AH: You need to have one foot in the world of idealism and one foot in the world of pragmatic operations, and it is so important to be aggressive when it comes to building a product that generates revenue. And I think that most social entrepreneurs come in with passion and with a great deal of idealism and they want to achieve something. What they’re missing is a saviness when it comes to saying, I need to generate revenue to be able to keep my mission alive. So the successful social entrepreneurs that we see are the ones who are tenacious and committed and never say die and will go to the end of… work 24/8, you know, to achieve their mission. But they also say, okay, let me take what I’m doing and let me figure out revenue sources. And that’s, I think, an important thing.
Usually old non-profits have the people give them money and then they have the beneficiaries and those are two separate people, right. Philanthropists give me money and I feed poor people. That’s the classic model. Here, we want to say, take your beneficiary and make your beneficiary also your partner and your funder, so that you create a healthy cycle of operations. And that’s the key thing is to figure out, how do I find people who want to pay me for the services that I’m offering. And it’s a challenge; it’s really hard, but if you can do that… because a lot of issues with start-ups on the non-profit space is in the mezzanine. You know, early stage, sure, you can get some seed capital, you know, get some funders, you get excited and you’re sexy, and they come in and put some cash into you, and you’re doing great and you’re flying.
The minute you hit like three, four years, you’re normal now; you’ve been around, you’re boring. You’ve got a mission, it’s not exciting any more; it’s not the new thing. At that point you can’t find the capital to take it to the next level. And so there you need to have earned revenue and you need to have a business model that works. You need to have a good team in place, and I think that that’s where we see the success.
HK: Final question, talking about your personal thing, again, what would be your advice to be successful in general?
AH: Never refuse to meet with anyone, as a piece of advice.

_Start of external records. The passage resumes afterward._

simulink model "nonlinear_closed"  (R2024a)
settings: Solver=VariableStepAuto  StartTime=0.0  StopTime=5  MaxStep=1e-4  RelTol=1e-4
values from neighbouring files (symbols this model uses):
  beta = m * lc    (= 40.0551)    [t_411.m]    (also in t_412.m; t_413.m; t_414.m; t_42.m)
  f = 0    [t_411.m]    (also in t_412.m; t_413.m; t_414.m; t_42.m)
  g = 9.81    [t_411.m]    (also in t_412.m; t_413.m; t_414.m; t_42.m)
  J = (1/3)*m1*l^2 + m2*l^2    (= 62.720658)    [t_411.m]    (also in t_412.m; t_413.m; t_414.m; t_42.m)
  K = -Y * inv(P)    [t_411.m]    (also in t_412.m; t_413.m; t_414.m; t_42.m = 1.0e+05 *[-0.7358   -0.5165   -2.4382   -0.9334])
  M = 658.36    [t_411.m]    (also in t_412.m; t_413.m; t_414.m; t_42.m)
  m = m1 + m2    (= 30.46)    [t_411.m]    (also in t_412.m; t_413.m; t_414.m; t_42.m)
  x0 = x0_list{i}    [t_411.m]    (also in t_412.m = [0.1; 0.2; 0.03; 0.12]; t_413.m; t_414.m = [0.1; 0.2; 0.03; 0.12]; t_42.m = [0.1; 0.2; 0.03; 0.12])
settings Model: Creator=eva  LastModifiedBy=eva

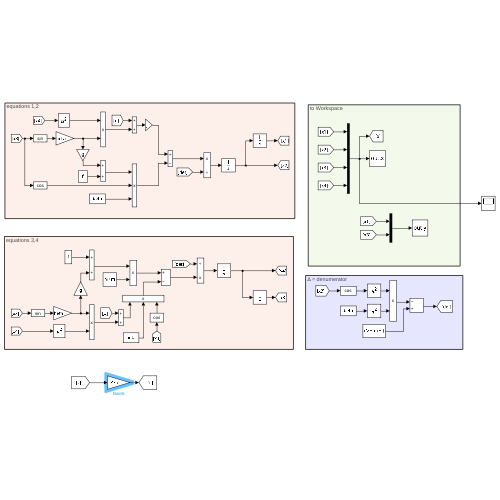
[thumbnail: Simulink's stored preview of the top-level diagram]
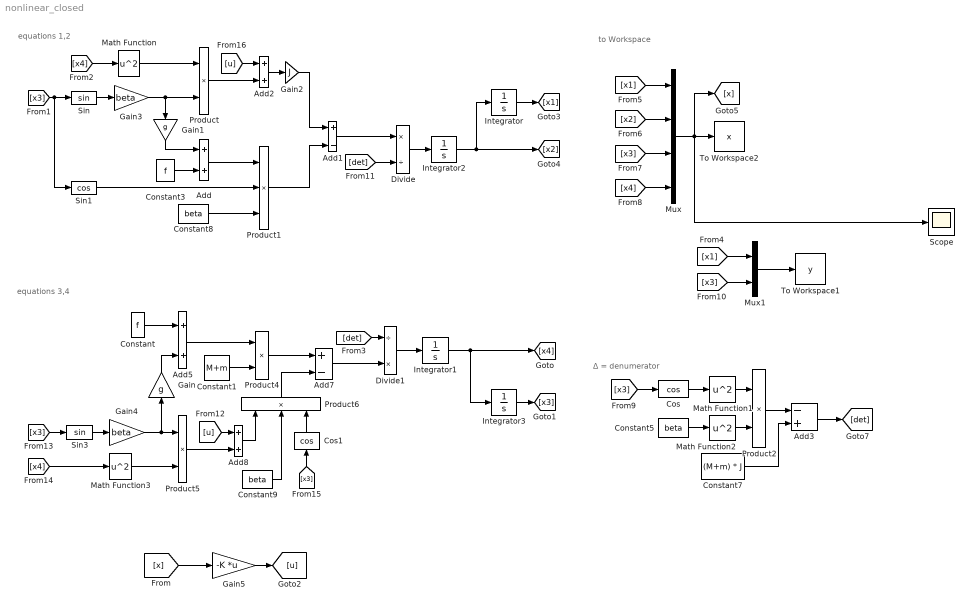
== system nonlinear_closed ==
  note: equations 3,4
  note: Δ = denumerator
  note: to Workspace
  note: equations 1,2
  Add{,2,5,8} (4 alike) : Sum
  Add1 : Sum  Inputs=+-
  Add3 : Sum  Inputs=-+
  Add7 : Sum  Inputs=+-
  Constant : Constant  Value=f
  Constant1 : Constant  Value=M+m
  Constant3 : Constant  Value=f
  Constant5 : Constant  Value=beta
  Constant7 : Constant  Value=(M+m) * J
  Constant8 : Constant  Value=beta
  Constant9 : Constant  Value=beta
  Cos : Trigonometry  Operator=cos
  Cos1 : Trigonometry  Operator=cos
  Divide : Product  Inputs=*/
  Divide1 : Product  Inputs=/*
  Gain : Gain  Gain=g
  Gain1 : Gain  Gain=g
  Gain2 : Gain  Gain=J
  Gain3 : Gain  Gain=beta
  Gain4 : Gain  Gain=beta
  Gain5 : Gain  Gain=-K  Multiplication=Matrix(K*u)
  Integrator : Integrator  InitialCondition=x0(1)
  Integrator1 : Integrator  InitialCondition=x0(4)
  Integrator2 : Integrator  InitialCondition=x0(2)
  Integrator3 : Integrator  InitialCondition=x0(3)
  Math Function{,1..3} (4 alike) : Math  Operator=square
  Mux : Mux
  Mux1 : Mux  Inputs=2
  Product{,2,4..5} (4 alike) : Product
  Product1 : Product  Inputs=3
  Product6 : Product  Inputs=3
  Scope : Scope
  Sin : Trigonometry
  Sin1 : Trigonometry  Operator=cos
  Sin3 : Trigonometry
  To Workspace1 : ToWorkspace  VariableName=y  SaveFormat=Structure With Time  SampleTime=-1
  To Workspace2 : ToWorkspace  VariableName=x  SaveFormat=Structure With Time  SampleTime=-1
  wires:
  Product/1 -> Add2/2
  [x4] -> Mux/4
  Integrator3/1 -> [x3]
  Integrator2/1 -> [x2], Integrator/1
  [det] -> Divide/2
  Divide1/1 -> Integrator1/1
  Constant9/1 -> Product6/2
  Mux1/1 -> To Workspace1/1
  [u] -> Add8/1
  [x1] -> Mux/1
  Add/1 -> Product1/1
  Add8/1 -> Product6/1
  [x4] -> Math Function3/1
  Integrator1/1 -> [x4], Integrator3/1
  [x3] -> Mux1/2
  Product2/1 -> Add3/1
  [x3] -> Sin/1, Sin1/1
  Constant3/1 -> Add/2
  Constant1/1 -> Product4/2
  Cos/1 -> Math Function1/1
  Sin1/1 -> Product1/2
  Sin/1 -> Gain3/1
  Constant5/1 -> Math Function2/1
  [x4] -> Math Function/1
  Constant8/1 -> Product1/3
  Gain2/1 -> Add1/1
  Mux/1 -> [x], Scope/1, To Workspace2/1
  Add7/1 -> Divide1/2
  Add2/1 -> Gain2/1
  Constant/1 -> Add5/1
  Cos1/1 -> Product6/3
  Product4/1 -> Add7/1
  Product1/1 -> Add1/2
  Gain3/1 -> Product/2, Gain1/1
  Gain/1 -> Add5/2
  [x3] -> Cos/1
  Product5/1 -> Add8/2
  [x3] -> Mux/3
  Constant7/1 -> Add3/2
  Product6/1 -> Add7/2
  [x2] -> Mux/2
  Add1/1 -> Divide/1
  [x3] -> Cos1/1
  [det] -> Divide1/1
  Integrator/1 -> [x1]
  Math Function2/1 -> Product2/2
  Add3/1 -> [det]
  Math Function1/1 -> Product2/1
  [x1] -> Mux1/1
  Math Function3/1 -> Product5/2
  Math Function/1 -> Product/1
  [x3] -> Sin3/1
  Divide/1 -> Integrator2/1
  Gain4/1 -> Product5/1, Gain/1
  Gain1/1 -> Add/1
  Add5/1 -> Product4/1
  Sin3/1 -> Gain4/1
  [x] -> Gain5/1
  Gain5/1 -> [u]
  [u] -> Add2/1

I think that one of the most important things that we did, myself and Ariel, in the early days was we so appreciated people being willing to meet with us when we were just random people who were calling up, saying, hey, we want to understand how you do what you do and we want to run an idea by you, and that people were willing to give us even 15, 20 minutes of time – very busy, very prominent people. That, I think, was a lesson for us that at any point in your life… you could be offering something to someone who is going to do something very important and you should never withhold that and you should always be giving. And if you’re always giving you’re going to get and the people you meet with will tell you the ways to get things done. You know, the knowledge is out there, the more you are willing to talk with people and the willingness you have to just get out there and interact with people and always be open to the new ideas and the new potentials, that I think is one of the key things it takes to be successful.
Aharon Horwitz is the co-Director of PresenTense Group.
Haegwan Kim is a writer who was born in Osaka, Japan in 1989 and grew up near Tokyo where went to a Korean school for 12 years.